11. Considérant que la référence à l'écologie, terme passé dans le langage politique courant, figurant comme titre sur les affiches et bulletins de vote d'autres candidats, ne saurait être considérée comme l'expression d'une concurrence déloyale ayant créé un préjudice particulier ou exclusif au candidat de « l'Entente des écologistes » qu'en outre il n'appartient pas au juge de l'élection d'apprécier la sincérité de l'adhésion des candidats aux idées dont ils se réclament ;

12. Considérant en revanche que, tant par l'intitulé de sa candidature « Génération verte » que par le graphisme de ses bulletins de vote et affiches, M. Verdière a cherché à imiter les documents de propagande de « l'Entente des écologistes », mais qu'en raison des circonstances de l'espèce évoquées ci-dessus ces agissements constitutifs d'une manoeuvre ne sauraient avoir mis en cause le résultat de l'élection ;

13. Considérant qu'il résulte de tout ce qui précède que les requêtes de MM. Mamère et Verdière ne sauraient être accueillies,

Décide :
Article premier :
Les requêtes de MM. Noël Mamère et Francis Verdière sont rejetées.
Article 2 :
La présente décision sera notifiée à l'Assemblée nationale et publiée au Journal officiel de la République française.

Délibéré par le Conseil constitutionnel dans sa séance du 22 septembre 1993, où siégeaient MM. Robert BADINTER, président, Robert FABRE, Maurice FAURE, Marcel RUDLOFF, Georges ABADIE, Jean CABANNES, Jacques LATSCHA, Jacques ROBERT et Mme Noëlle LENOIR.
Le président,
Robert BADINTER

Journal officiel du 28 septembre 1993, page 13488
Recueil, p. 270
ECLI : FR : CC : 1993 : 93.1248.AN

Les abstracts

  • 8. ÉLECTIONS
  • 8.3. ÉLECTIONS LÉGISLATIVES
  • 8.3.2. Candidatures
  • 8.3.2.2. Cautionnement

Si, en application de l'article L. 158 du code électoral, le cautionnement est une formalité substantielle de la déclaration de candidature, il ne résulte pas de ce texte que le candidat doive s'acquitter lui-même de cette obligation, la caution pouvant être versée en son nom.
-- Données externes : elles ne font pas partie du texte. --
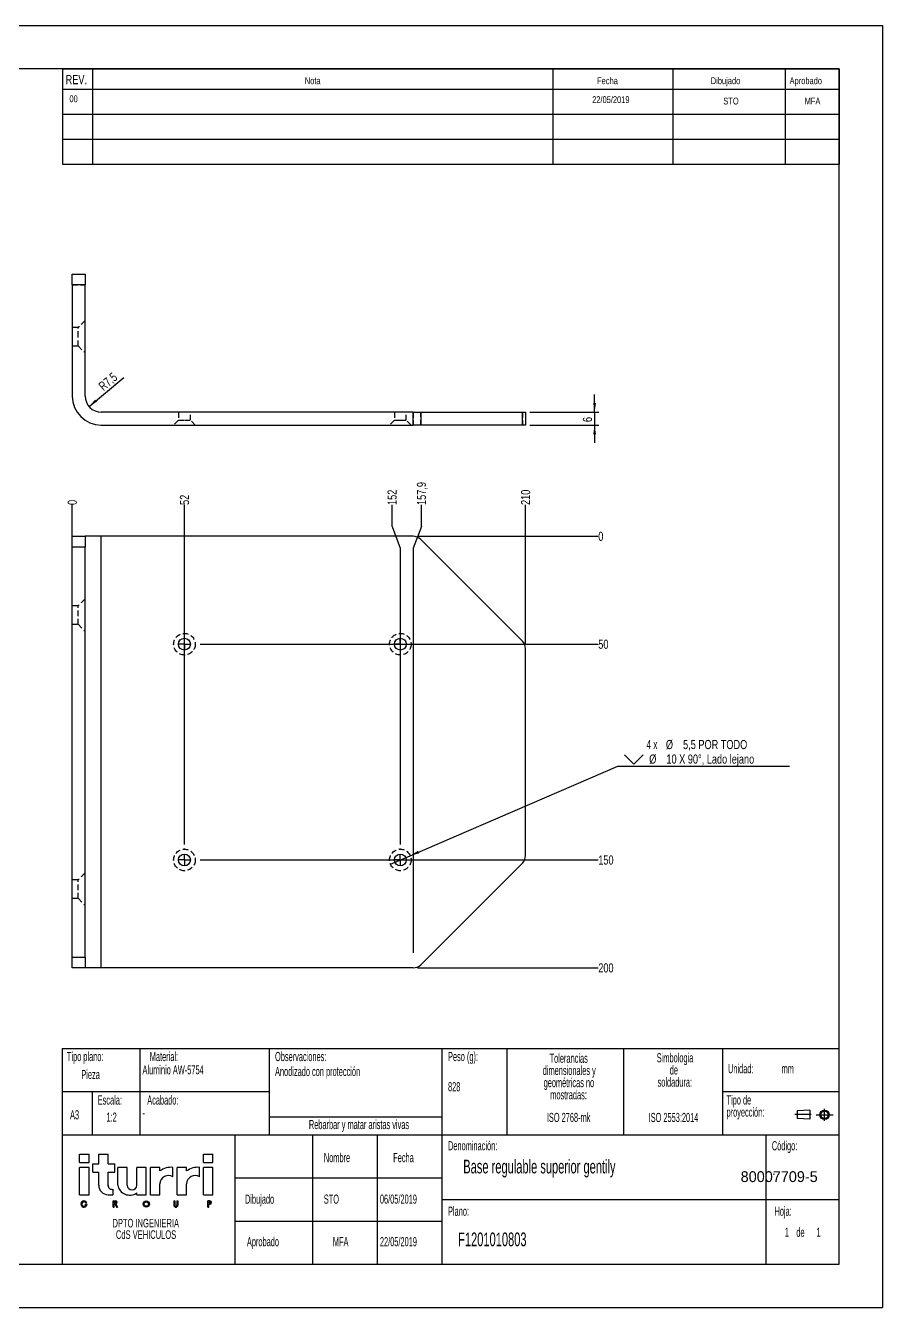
# Model space of a CAD drawing. Extents: x 0 to 793, y 0 to 319.
# Drawn here: x 221.6 to 420, y 0 to 297 of the extents above; entities that cross this region are included whole.
import ezdxf

# ---------------------------------------------------------------- set-up
doc = ezdxf.new("R2010")
doc.units = 0
for name, pattern in [('SLD-CENTRADA-TRAZOS-LARGOS', [19.05, 15.24, -1.27, 1.27, -1.27]), ('SLD-CONTINUA', [0]), ('SLD-DISCONTINUA', [1.905, 1.27, -0.635])]:
    doc.linetypes.add(name, pattern=pattern)
doc.layers.get('0').update_dxf_attribs({"linetype": 'CONTINUOUS'})
doc.layers.add('FORMATO', color=7, linetype='SLD-CONTINUA')
doc.layers.add('SLD-0', color=179, linetype='SLD-CONTINUA')
doc.styles.add('SLDTEXTSTYLE0', font='TXT', dxfattribs={"width": 0.605})
doc.styles.add('SLDTEXTSTYLE1', font='TXT', dxfattribs={"width": 0.75})
doc.styles.add('SLDTEXTSTYLE2', font='TXT', dxfattribs={"width": 0.666667})
doc.dimstyles.new('SLDDIMSTYLE0', dxfattribs={"dimtxt": 2.116667, "dimasz": 2.116667, "dimexe": 0, "dimexo": 0.0625, "dimgap": 0.529167, "dimtad": 0, "dimtih": 1, "dimtoh": 1, "dimdec": 0, "dimlfac": 2, "dimrnd": 1e-09, "dimdsep": 46, "dimtxsty": 'SLDTEXTSTYLE1', "dimblk1": 'NONE', "dimblk2": 'NONE', "dimsah": 1, "dimcen": 0.09, "dimadec": 0, "dimazin": 0, "dimtfac": 1, "dimtdec": 0, "dimtofl": 0, "dimtmove": 0, "dimatfit": 3, "dimldrblk": 'NONE', "dimfxl": 0, "dimtolj": 1, "dimtzin": 12, "dimarcsym": 0})
doc.dimstyles.new('SLDDIMSTYLE1', dxfattribs={"dimtxt": 2.116667, "dimasz": 2.116667, "dimexe": 0, "dimexo": 0.0625, "dimgap": 0.529167, "dimtad": 0, "dimtih": 1, "dimtoh": 1, "dimdec": 1, "dimlfac": 2, "dimrnd": 1e-09, "dimzin": 12, "dimdsep": 46, "dimtxsty": 'SLDTEXTSTYLE1', "dimblk1": 'NONE', "dimblk2": 'NONE', "dimsah": 1, "dimcen": 0.09, "dimadec": 0, "dimazin": 0, "dimtfac": 1, "dimtdec": 1, "dimtofl": 0, "dimtmove": 0, "dimatfit": 3, "dimldrblk": 'NONE', "dimfxl": 0, "dimtolj": 1, "dimtzin": 12, "dimarcsym": 0})
doc.dimstyles.new('SLDDIMSTYLE3', dxfattribs={"dimtxt": 2.116667, "dimasz": 2.116667, "dimexe": 0, "dimexo": 0.0625, "dimgap": 0.529167, "dimtad": 0, "dimtih": 1, "dimtoh": 1, "dimdec": 1, "dimlfac": 2, "dimrnd": 1e-09, "dimzin": 12, "dimdsep": 46, "dimtxsty": 'SLDTEXTSTYLE1', "dimblk1": 'NONE', "dimsah": 1, "dimcen": 0, "dimadec": 0, "dimazin": 0, "dimtfac": 1, "dimtdec": 1, "dimtmove": 0, "dimatfit": 3, "dimldrblk": 'NONE', "dimfxl": 0, "dimtolj": 1, "dimtzin": 12, "dimarcsym": 0})
doc.dimstyles.new('SLDDIMSTYLE4', dxfattribs={"dimtxt": 2.116667, "dimasz": 2.116667, "dimexe": 0, "dimexo": 0.0625, "dimgap": 0.529167, "dimtad": 1, "dimdec": 1, "dimlfac": 2, "dimrnd": 1e-09, "dimzin": 12, "dimdsep": 46, "dimtxsty": 'SLDTEXTSTYLE1', "dimsah": 1, "dimcen": 0, "dimadec": 0, "dimazin": 0, "dimtfac": 1, "dimtdec": 1, "dimtofl": 0, "dimtmove": 1, "dimatfit": 3, "dimfxl": 0, "dimtolj": 1, "dimtzin": 12, "dimarcsym": 0})
doc.dimstyles.new('SLDDIMSTYLE5', dxfattribs={"dimtxt": 2.116667, "dimasz": 2.116667, "dimexe": 0, "dimexo": 0.0625, "dimgap": 0.529167, "dimtad": 1, "dimdec": 1, "dimlfac": 2, "dimrnd": 1e-09, "dimzin": 12, "dimdsep": 46, "dimtxsty": 'SLDTEXTSTYLE1', "dimsah": 1, "dimcen": 0.09, "dimadec": 0, "dimazin": 0, "dimtfac": 1, "dimtdec": 1, "dimtmove": 0, "dimatfit": 0, "dimfxl": 0, "dimtolj": 1, "dimtzin": 12, "dimarcsym": 0})

# ---------------------------------------------------------------- blocks, each defined once
blk = doc.blocks.new('BLOQUE3')
at = {"color": 7, "linetype": 'SLD-CENTRADA-TRAZOS-LARGOS'}
for p, q in [((400.52, 128.85), (400.52, 131.19)), ((397.92, 130.06), (394.8, 130.06)), ((398.88, 130.02), (402.16, 130.02))]:
    blk.add_line(p, q, dxfattribs=at)
at = {"color": 7, "linetype": 'SLD-CONTINUA'}
for p, q in [((397.68, 130.95), (395.23, 130.77)), ((395.23, 130.77), (395.23, 129.34)), ((397.68, 129.16), (395.23, 129.34)), ((397.68, 130.95), (397.68, 129.16))]:
    blk.add_line(p, q, dxfattribs=at)
for radius in [0.892, 0.713]:
    blk.add_circle((400.52, 130.02), radius, dxfattribs=at)
blk = doc.blocks.new('SW_NOTE_0')
at = {"color": 0, "linetype": 'Continuous', "char_height": 1.3229, "attachment_point": 2, "style": 'SLDTEXTSTYLE0'}
for s, insert in [('DPTO INGENIERIA', (7.83, 1.71)), ('CdS VEHICULOS', (7.88, -0.06))]:
    blk.add_mtext(s, dxfattribs=dict(at, insert=insert))
blk = doc.blocks.new('BLOQUE1')
at = {"layer": 'SLD-0'}
for p, q in [((0, 13.93), (1.47, 13.93)), ((0, 12.64), (0, 13.93)), ((1.47, 12.64), (1.47, 13.93)), ((2.94, 12.46), (2.94, 13.93)), ((2.94, 13.93), (4.41, 13.93)), ((4.41, 12.46), (4.41, 13.93)), ((19.1, 13.93), (20.57, 13.93)), ((19.1, 12.64), (19.1, 13.93)), ((20.57, 12.64), (20.57, 13.93)), ((0, 12.64), (1.47, 12.64)), ((0, 7.68), (0, 11.91)), ((1.47, 11.91), (0, 11.91)), ((1.47, 7.68), (1.47, 11.91)), ((2.02, 12.46), (2.94, 12.46)), ((2.02, 11.17), (2.02, 12.46)), ((4.41, 12.46), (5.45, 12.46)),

(93-1248/1339 AN, 22 septembre 1993, cons. 8, Journal officiel du 28 septembre 1993, page 13488)
  • 8. ÉLECTIONS
  • 8.3. ÉLECTIONS LÉGISLATIVES
  • 8.3.2. Candidatures
  • 8.3.2.3. Déclaration de candidature
  • 8.3.2.3.3. Recevabilité de la déclaration de candidature
  • 8.3.2.3.3.2. Recours du préfet devant le tribunal administratif (voir également : Déclaration de candidature - Candidatures de liste - Refus de déclaration de candidature)

En dehors du cas prévu à l'article L.O. 160 du code électoral, il n'appartient pas au préfet de refuser l'enregistrement d'une candidature.

(93-1248/1339 AN, 22 septembre 1993, cons. 7, Journal officiel du 28 septembre 1993, page 13488)
  • 8. ÉLECTIONS
  • 8.3. ÉLECTIONS LÉGISLATIVES
  • 8.3.2. Candidatures
  • 8.3.2.3. Déclaration de candidature
  • 8.3.2.3.3. Recevabilité de la déclaration de candidature
  • 8.3.2.3.3.3. Incompétence du juge judiciaire

Il n'appartient pas au juge judiciaire de se prononcer sur la validité d'une déclaration de candidature, qui constitue un acte préliminaire aux opérations électorales.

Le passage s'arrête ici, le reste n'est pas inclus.